I can't speak on the author just as I can't speak on Hauser. Although, I've heard Hauser's in cahoots with Bob Arum/Top Rank. Just sayin

You're still accusing JMM of steroids even though he's never failed any of the PED tests you demand?

What about Teddy Atlas... Why would he have reason to make up his statement about the PED emails? He has just as much to lose as Hauser, correct? Let me guess, Atlas is in bed with the same author that said Manny's sparring partner was injecting him with steroids.

You come across as a really biased poster. Especially when you say Pac never juiced because he never failed a test, but then turn around and accuse JMM of juicing although he never failed a test either.


----------



## BoxingGenius27

Bulakenyo said:


> There is no big steroid use in Philippine boxing.
> 
> Most of our guys are minimum weight to light weight. Welterweight is the heaviest we produce for world class level fights.
> 
> Very few middle weights, and probably no cruiserweights.
> 
> That's just a malicious story there.


Why is weight/size a factor when talking about steroids?? No one is referring to Mr. Olympia.
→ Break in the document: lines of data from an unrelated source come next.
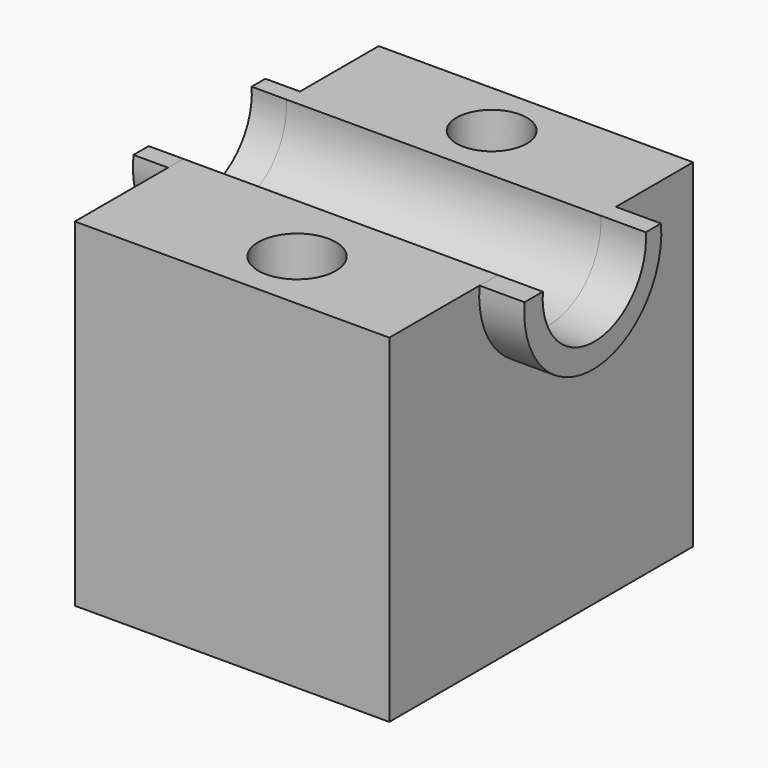
from build123d import *
from build123d import SkipClean  # not in build123d's __all__

# Parameters (mm, degrees)
F0_W     = 99.2605239153
F0_H     = 106.7802645266
F1_DEPTH = 59.944
F3_DEPTH = 99.2615239153
F5_DEPTH = 14.224
F7_DEPTH = 10.922
F8_R     = 11.0925650774
F8_R_2   = 12.2440148534
F9_DEPTH = 106.7812645266


# Not quite as in the source:
# - after a boolean that leaves OpenCascade's solid faulty, fix() repairs it


with BuildPart() as f1:
    # F0 (on Front) → F1 (new body, symmetric)
    with BuildSketch(Plane.XZ):
        with Locations((5.4142102599, -9.7756590694)):
            Rectangle(F0_W, F0_H)
    extrude(amount=F1_DEPTH, both=True)

    # F2 (on face) → F3 (cut, through all)
    with BuildSketch(Plane.YZ.offset(55.0444722176)):
        with BuildLine():
            Line((23.4615784138, 43.6144731939), (-17.1450003982, 43.6144731939))
            ThreePointArc((-17.1450003982, 43.6144731939), (3.1582890078, 21.4579654327), (23.4615784138, 43.6144731939))
        make_face()
    extrude(amount=-F3_DEPTH, mode=Mode.SUBTRACT)

    # F4 (on face) → F5 (join)
    with BuildSketch(Plane.YZ.offset(55.0444722176)):
        with BuildLine():
            Line((-17.1450003982, 43.6144731939), (-24.3639480323, 43.6144731939))
            ThreePointArc((-24.3639480323, 43.6144731939), (2.5567095727, 13.9394518293), (29.4773671776, 43.6144731939))
            Line((29.4773671776, 43.6144731939), (23.4615784138, 43.6144731939))
            ThreePointArc((23.4615784138, 43.6144731939), (3.1582890078, 21.4579654327), (-17.1450003982, 43.6144731939))
        make_face()
    with SkipClean():  # cleaning this boolean's faces spoils the solid; the shape is the same uncleaned
        extrude(amount=F5_DEPTH)

    # F6 (on face) → F7 (join)
    with BuildSketch(Plane(origin=(-44.2160516977, 0, 0), x_dir=(0, -1, 0), z_dir=(-1, 0, 0))):
        with BuildLine():
            Line((-23.4615784138, 43.6144731939), (-28.8757905364, 43.6144731939))
            ThreePointArc((-28.8757905364, 43.6144731939), (-2.8575006872, 14.036395677), (23.1607891619, 43.6144731939))
            Line((23.1607891619, 43.6144731939), (17.1450003982, 43.6144731939))
            ThreePointArc((17.1450003982, 43.6144731939), (-3.1582890078, 21.4579654327), (-23.4615784138, 43.6144731939))
        make_face()
    extrude(amount=F7_DEPTH)

    add(f1.part.fix(), mode=Mode.REPLACE)

    # F8 (on face) → F9 (cut, through all)
    with BuildSketch(Plane.XY.offset(43.6144731939)):
        with Locations((5.7150018401, 42.1105287969)):
            Circle(F8_R)
        with Locations((10.2268429473, -40.3057895601)):
            Circle(F8_R_2)
    extrude(amount=-F9_DEPTH, mode=Mode.SUBTRACT)


solid = f1.part

Lance Armstrong has used PEDs and he's a skin and bone cyclist with the same build as a boxer.


----------



## tonys333

where on the verge of the biggest fight in boxing finally been made an people are still going on about Pac and Floyd using PED's with no real evidence. Give it a rest but one thing why does BoxingGenius27 think Pac has took PEDS or he would have no power like Algieri or Pauli that's just ridicules. Pac has always had power an more power than them guys but its a fact his power isn't as effective at welterweight an it is his speed an movement that has troubled his opponents.


----------



## BoxingGenius27

bjl12 said:


> When weight draining fighters move up in weight, their power becomes less effective because they no longer have an advantage in body mass (sheer size) or muscle percentage (in comparison to fighters at larger weights who drain to the weight limit). This is damn near indisputable as it happens all the time. Very recent examples include Adrien Broner, Yuri Gamboa, and Nonito Donaire - when these guys moved up in weight they learned two important things very quickly:
> 1. Their punches did *not* hurt larger opponents the way it hurt smaller opponents
> 2. Their punch resistance was not as good against larger opponents as it was against smaller opponents
> 
> Boxing is littered with examples of fighters throughout history who experience LESS success as they move up in weight...as physical advantages go to the wayside against larger framed opponents.
> 
> The outlier to boxing history is Manny Pacquiao. Here's a guy has a growth spurt at 28 years old that enables him to *retain/improve* punching power, speed, and stamina while moving up in weight against much larger opponents. It's one thing when the process is gradual, but for Manny it all happened in 9 months. In 9 months time Manny goes from decisioning MAB and JMM @ 130 pounds to TKO'ing DLH @ 147 pounds. 17 pounds in 9 months time.
> 
> For a young guy whose frame hasn't fully developed, sure, I can _maybe_ (_possibly) _see this happening, but Manny's frame was fully developed. With a finished frame fighters will VERY OFTEN demonstrate "loose weight" on their body, especially the abdomen. Why would their be loose weight? Because the guy goes from cutting 17 pounds...meaning he's packing at least 17 pounds of water weight...to walking around ripped to the gills at 147 in just 9 months time. *Obvious consequential question*: What happened to those 17 pounds in water weight? If Manny's body was as tight at 147 as it was at 130, why were there no sacrifices in speed or endurance, let alone power?
> 
> What the hell is going on? Then the..."I'm afraid of needles", "giving blood weakens me", "Floyd doesn't make the rules, no blood...just urine". It all made sense from then on. I'm not particularly fond of either guy, but I really don't like cheaters or liars...and Manny/Roach are both. Their whole rise to fame was the product of cheating and lying, but they get a pass for it because Manny's a bible-loving immigrant and Freddy is a poor disabled old man. Really grinds my gears


And can someone please attack this post?

To everyone that's a boxing fan and has followed the sport, this is common knowledge.


----------



## Bulakenyo

I've followed Manny's career since the mid 1990s.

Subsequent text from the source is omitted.